◆ **Supplied records**:
···

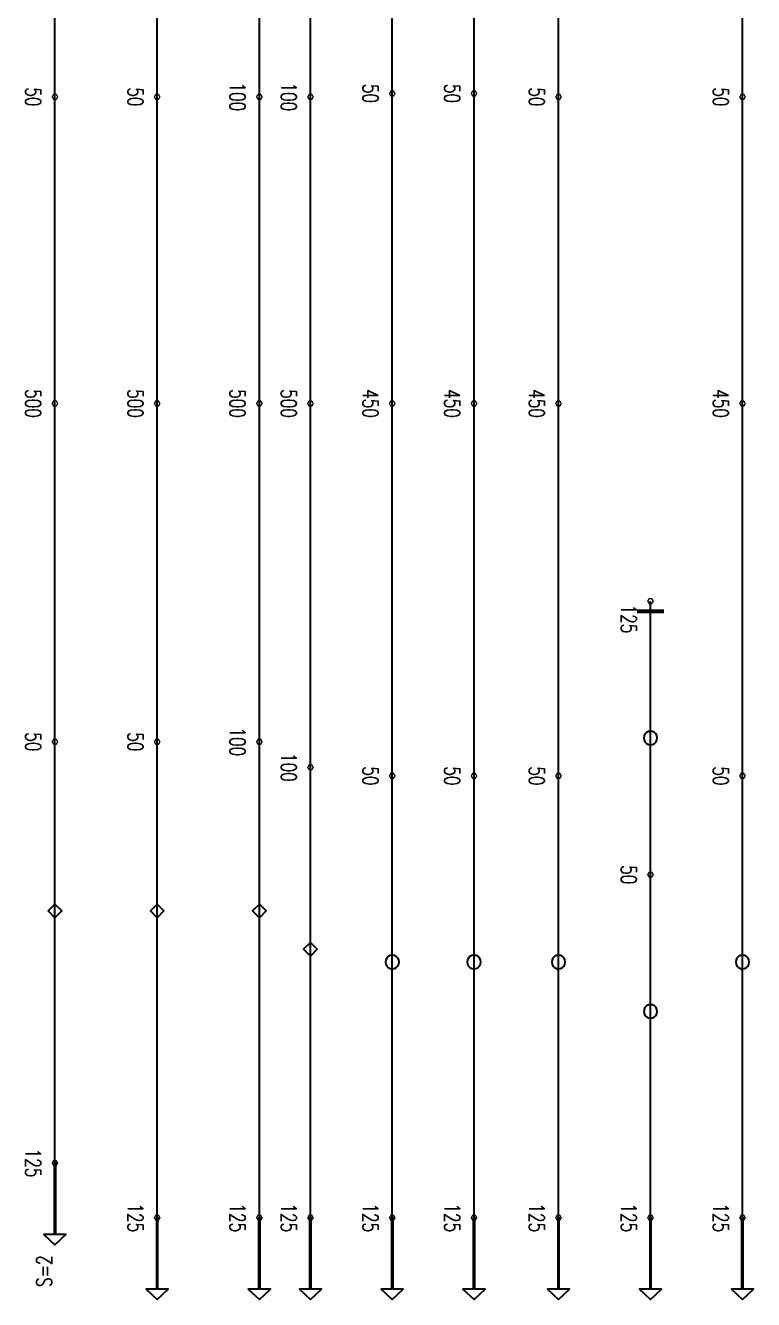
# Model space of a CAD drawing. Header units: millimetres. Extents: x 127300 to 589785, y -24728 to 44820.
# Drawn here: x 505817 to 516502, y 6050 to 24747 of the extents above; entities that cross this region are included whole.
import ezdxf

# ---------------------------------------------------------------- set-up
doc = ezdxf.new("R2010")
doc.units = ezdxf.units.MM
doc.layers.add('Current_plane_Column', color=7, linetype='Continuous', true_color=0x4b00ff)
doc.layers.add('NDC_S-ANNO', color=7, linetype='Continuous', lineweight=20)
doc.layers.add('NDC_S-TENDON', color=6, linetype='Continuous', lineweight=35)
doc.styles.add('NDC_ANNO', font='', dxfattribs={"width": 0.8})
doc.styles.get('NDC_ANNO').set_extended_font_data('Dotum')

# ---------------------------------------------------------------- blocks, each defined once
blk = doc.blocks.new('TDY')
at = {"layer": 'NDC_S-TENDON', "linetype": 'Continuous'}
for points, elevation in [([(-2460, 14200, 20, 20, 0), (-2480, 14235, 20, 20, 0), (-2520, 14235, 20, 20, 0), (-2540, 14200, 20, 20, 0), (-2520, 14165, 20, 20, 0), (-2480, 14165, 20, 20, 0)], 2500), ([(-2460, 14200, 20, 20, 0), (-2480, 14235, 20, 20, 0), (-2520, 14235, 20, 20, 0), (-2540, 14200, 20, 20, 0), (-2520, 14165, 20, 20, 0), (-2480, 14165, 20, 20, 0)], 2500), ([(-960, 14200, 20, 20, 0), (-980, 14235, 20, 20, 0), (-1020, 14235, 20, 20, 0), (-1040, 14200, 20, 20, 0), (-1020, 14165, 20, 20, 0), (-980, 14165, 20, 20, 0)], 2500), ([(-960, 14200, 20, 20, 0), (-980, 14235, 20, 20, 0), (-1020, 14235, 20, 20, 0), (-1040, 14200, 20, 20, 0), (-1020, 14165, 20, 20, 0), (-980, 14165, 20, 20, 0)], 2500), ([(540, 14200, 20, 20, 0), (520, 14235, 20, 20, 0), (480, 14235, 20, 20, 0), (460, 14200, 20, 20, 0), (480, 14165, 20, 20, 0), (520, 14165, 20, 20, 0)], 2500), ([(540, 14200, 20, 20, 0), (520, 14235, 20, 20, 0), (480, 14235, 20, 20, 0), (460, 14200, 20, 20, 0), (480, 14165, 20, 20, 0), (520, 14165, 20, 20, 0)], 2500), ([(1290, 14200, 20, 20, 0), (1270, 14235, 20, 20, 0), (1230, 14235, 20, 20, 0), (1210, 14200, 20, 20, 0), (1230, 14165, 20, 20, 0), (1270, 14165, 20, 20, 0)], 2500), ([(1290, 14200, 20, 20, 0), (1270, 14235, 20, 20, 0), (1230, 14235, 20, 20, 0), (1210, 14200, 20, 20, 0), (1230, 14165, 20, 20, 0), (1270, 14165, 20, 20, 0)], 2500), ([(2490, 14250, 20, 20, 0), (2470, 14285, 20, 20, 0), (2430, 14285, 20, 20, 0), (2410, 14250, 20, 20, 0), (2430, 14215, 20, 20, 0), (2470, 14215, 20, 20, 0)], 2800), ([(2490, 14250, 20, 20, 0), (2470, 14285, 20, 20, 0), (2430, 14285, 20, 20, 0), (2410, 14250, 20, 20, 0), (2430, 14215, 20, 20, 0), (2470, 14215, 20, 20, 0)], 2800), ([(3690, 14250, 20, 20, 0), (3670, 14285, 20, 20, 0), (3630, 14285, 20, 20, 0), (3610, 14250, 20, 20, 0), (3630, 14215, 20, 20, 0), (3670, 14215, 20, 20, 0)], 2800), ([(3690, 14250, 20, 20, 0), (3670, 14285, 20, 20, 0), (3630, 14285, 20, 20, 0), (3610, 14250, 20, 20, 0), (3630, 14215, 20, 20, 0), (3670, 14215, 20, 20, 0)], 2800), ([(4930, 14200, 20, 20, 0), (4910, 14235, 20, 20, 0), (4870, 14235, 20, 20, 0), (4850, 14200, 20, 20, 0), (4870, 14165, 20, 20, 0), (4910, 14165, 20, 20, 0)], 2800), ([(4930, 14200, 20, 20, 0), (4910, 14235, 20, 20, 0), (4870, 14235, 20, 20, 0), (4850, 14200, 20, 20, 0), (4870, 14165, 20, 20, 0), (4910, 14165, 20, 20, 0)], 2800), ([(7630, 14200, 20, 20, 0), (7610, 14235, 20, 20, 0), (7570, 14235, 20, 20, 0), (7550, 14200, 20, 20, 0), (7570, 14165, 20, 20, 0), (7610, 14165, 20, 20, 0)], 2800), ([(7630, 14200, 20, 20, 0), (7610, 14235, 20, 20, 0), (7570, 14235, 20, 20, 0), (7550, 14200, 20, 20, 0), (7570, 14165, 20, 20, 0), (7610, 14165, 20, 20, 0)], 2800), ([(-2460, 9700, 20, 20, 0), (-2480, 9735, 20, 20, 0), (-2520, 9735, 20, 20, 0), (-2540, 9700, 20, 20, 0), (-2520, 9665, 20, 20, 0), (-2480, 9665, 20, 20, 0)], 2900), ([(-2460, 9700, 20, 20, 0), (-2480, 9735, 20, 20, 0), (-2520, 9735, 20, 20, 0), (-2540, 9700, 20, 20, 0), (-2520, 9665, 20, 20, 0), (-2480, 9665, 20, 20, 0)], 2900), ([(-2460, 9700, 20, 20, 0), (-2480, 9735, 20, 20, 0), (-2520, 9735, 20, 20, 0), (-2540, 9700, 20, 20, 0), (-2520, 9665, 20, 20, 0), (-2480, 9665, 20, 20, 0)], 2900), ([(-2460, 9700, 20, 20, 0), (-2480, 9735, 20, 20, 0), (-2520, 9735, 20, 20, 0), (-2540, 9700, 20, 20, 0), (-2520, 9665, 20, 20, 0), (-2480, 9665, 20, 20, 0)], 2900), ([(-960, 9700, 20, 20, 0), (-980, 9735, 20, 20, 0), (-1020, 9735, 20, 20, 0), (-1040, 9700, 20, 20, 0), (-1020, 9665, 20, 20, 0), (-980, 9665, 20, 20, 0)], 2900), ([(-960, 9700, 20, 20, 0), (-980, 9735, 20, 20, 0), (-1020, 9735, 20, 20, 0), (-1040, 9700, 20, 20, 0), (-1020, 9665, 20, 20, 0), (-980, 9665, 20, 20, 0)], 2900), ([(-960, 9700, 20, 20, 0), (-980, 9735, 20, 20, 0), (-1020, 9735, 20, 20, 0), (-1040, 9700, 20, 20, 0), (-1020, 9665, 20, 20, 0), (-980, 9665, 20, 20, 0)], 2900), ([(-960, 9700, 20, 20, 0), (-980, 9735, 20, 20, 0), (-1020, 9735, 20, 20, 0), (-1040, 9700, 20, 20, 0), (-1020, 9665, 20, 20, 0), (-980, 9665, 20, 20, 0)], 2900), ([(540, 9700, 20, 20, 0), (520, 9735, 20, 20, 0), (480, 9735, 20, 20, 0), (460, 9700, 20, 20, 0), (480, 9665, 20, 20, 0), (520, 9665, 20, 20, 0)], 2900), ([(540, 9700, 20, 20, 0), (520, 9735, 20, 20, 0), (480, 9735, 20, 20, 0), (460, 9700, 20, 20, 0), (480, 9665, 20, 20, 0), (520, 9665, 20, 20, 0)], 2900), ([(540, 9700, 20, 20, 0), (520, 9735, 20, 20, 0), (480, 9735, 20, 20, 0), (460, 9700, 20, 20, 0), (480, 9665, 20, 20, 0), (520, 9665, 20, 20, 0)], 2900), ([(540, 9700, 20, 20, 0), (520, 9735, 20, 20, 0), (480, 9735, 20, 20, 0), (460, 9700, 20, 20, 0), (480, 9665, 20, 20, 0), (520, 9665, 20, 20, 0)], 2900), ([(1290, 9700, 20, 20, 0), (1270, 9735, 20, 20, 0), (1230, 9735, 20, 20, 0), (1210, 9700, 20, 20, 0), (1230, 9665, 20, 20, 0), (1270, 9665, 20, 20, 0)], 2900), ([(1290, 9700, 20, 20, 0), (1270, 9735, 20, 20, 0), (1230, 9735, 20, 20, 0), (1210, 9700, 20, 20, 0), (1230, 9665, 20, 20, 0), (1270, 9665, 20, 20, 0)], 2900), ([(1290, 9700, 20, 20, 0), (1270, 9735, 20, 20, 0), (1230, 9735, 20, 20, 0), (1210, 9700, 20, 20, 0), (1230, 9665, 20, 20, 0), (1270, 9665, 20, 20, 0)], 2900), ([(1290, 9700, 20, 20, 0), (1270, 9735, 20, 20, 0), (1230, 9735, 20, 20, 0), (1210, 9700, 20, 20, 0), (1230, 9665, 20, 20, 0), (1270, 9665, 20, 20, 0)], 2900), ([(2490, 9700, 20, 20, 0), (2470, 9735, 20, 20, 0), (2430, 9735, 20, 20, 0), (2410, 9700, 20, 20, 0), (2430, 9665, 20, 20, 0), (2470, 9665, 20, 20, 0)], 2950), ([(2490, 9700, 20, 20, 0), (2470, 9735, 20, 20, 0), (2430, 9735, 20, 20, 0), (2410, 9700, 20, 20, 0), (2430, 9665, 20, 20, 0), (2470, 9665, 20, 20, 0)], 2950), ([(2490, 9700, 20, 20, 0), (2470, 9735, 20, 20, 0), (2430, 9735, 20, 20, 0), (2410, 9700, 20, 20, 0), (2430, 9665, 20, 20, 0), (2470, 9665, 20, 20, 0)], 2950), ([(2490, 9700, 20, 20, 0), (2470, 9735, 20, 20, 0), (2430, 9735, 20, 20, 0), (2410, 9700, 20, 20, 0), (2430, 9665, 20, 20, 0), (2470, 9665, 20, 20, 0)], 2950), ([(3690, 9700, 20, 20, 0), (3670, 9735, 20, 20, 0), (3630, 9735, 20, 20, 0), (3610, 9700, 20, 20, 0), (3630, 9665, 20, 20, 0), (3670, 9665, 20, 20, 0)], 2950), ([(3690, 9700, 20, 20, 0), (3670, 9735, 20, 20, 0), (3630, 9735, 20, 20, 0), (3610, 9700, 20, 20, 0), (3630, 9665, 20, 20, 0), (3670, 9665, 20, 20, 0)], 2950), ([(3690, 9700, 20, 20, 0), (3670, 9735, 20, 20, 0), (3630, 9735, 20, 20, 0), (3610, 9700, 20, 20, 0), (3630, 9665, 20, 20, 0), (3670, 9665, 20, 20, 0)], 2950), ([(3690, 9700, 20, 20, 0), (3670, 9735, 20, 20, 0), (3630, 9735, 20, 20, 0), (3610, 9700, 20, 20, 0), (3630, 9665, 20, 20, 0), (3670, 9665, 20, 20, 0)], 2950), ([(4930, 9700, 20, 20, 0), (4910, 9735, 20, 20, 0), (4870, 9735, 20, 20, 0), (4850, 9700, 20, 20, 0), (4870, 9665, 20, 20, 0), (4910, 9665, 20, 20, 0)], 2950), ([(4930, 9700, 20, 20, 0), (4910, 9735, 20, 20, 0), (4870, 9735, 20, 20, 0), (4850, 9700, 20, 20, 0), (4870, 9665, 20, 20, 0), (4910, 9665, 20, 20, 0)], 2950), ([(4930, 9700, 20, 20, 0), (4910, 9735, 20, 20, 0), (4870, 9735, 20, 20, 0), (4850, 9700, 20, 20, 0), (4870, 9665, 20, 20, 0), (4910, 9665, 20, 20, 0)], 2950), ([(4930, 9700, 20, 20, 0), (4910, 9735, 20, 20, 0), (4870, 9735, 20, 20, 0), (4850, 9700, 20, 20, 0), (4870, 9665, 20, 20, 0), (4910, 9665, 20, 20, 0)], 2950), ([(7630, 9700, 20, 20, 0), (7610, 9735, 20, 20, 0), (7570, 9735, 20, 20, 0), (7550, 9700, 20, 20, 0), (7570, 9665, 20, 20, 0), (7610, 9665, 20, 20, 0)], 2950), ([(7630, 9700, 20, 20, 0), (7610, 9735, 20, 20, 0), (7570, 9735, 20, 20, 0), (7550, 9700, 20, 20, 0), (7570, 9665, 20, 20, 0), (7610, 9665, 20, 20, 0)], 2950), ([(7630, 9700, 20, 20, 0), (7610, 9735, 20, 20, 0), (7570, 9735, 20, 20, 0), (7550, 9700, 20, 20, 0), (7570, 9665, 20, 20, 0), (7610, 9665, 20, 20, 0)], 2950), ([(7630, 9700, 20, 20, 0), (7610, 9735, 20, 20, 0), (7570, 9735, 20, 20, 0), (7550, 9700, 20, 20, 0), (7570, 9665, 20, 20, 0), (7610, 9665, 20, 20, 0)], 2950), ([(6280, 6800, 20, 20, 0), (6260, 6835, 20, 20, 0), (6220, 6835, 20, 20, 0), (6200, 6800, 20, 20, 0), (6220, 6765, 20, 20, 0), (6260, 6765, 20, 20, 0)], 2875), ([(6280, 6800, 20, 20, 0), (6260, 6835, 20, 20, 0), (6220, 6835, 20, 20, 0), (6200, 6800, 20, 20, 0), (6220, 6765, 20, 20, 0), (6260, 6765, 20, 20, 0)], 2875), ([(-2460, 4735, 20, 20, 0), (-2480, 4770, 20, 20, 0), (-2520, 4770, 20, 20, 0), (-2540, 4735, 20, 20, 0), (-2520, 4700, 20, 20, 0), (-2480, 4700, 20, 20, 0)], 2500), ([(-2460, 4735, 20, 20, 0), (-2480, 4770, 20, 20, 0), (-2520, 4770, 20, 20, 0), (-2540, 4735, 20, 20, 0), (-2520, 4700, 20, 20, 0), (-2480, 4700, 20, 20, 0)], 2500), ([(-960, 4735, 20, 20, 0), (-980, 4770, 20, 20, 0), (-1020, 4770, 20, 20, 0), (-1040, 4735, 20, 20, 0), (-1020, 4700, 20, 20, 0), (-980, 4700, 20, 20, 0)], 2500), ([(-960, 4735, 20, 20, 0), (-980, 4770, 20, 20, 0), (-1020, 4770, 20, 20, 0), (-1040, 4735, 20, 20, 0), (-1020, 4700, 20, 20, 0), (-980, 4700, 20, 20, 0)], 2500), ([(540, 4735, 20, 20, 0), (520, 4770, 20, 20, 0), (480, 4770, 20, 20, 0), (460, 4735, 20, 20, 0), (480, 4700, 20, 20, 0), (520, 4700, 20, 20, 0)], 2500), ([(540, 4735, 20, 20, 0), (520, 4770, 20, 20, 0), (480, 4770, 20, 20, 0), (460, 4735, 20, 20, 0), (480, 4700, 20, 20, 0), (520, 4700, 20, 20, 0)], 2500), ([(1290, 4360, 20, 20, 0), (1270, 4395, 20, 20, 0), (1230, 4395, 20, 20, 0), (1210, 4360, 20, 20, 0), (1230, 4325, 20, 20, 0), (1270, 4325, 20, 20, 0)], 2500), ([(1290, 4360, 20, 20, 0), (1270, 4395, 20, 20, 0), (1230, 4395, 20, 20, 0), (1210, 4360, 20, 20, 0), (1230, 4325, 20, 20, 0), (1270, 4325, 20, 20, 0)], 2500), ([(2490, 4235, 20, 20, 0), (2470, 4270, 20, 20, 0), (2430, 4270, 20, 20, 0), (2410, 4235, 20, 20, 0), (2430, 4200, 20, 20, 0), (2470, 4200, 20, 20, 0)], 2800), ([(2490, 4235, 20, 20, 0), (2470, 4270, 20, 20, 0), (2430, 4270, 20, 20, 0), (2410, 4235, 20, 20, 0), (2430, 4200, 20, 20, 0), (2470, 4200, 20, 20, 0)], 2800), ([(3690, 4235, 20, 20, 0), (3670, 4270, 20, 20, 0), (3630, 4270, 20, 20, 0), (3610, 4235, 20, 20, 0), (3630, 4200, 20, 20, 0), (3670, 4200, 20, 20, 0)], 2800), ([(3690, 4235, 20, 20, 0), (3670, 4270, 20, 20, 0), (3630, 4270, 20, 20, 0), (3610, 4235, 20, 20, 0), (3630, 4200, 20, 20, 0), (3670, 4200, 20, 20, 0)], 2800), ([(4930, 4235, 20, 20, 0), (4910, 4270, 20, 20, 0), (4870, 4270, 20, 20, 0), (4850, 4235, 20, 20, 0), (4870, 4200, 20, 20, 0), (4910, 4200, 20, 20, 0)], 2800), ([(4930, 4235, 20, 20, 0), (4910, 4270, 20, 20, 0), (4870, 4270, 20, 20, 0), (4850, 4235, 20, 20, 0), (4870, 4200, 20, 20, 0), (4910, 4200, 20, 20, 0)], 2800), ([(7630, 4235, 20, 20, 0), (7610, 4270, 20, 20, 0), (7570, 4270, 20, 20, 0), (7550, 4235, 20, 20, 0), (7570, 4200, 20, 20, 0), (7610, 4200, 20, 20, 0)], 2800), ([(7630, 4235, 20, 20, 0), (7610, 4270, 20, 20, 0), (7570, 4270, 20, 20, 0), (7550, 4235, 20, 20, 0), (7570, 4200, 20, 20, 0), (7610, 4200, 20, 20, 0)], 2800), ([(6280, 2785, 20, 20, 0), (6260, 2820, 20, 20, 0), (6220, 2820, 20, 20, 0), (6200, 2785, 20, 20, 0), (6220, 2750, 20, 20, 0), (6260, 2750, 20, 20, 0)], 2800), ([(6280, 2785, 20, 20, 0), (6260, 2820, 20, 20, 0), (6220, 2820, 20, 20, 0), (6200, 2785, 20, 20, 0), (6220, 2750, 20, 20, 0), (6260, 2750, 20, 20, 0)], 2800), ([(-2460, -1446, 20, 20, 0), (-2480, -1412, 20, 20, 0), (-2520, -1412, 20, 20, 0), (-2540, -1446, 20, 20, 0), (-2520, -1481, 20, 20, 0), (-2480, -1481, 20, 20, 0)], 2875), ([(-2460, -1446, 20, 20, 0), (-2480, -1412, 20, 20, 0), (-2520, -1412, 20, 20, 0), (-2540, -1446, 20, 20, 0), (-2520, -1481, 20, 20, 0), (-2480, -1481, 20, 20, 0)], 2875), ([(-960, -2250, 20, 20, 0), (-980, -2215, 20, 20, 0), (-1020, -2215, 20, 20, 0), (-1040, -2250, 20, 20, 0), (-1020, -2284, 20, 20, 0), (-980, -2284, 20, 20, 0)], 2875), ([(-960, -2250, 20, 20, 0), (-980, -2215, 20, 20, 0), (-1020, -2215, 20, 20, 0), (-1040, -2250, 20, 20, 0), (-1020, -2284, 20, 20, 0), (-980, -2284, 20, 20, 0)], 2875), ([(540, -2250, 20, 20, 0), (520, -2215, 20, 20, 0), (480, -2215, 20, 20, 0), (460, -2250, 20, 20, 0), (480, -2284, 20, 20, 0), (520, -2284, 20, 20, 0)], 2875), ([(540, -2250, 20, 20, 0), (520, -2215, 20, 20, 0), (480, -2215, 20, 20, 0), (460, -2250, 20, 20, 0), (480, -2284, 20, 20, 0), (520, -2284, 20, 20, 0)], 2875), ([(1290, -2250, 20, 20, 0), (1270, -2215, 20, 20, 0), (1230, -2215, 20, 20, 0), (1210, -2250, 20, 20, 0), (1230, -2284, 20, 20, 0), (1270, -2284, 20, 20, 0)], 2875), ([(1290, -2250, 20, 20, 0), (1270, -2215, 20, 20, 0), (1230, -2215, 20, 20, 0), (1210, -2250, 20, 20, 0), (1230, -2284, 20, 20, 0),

···

◆ **What you should do**: The answer should consist of every line from the listing above that includes the word "lineweight".

◆ **Solution for this problem**:
doc.layers.add('NDC_S-ANNO', color=7, linetype='Continuous', lineweight=20)
doc.layers.add('NDC_S-TENDON', color=6, linetype='Continuous', lineweight=35)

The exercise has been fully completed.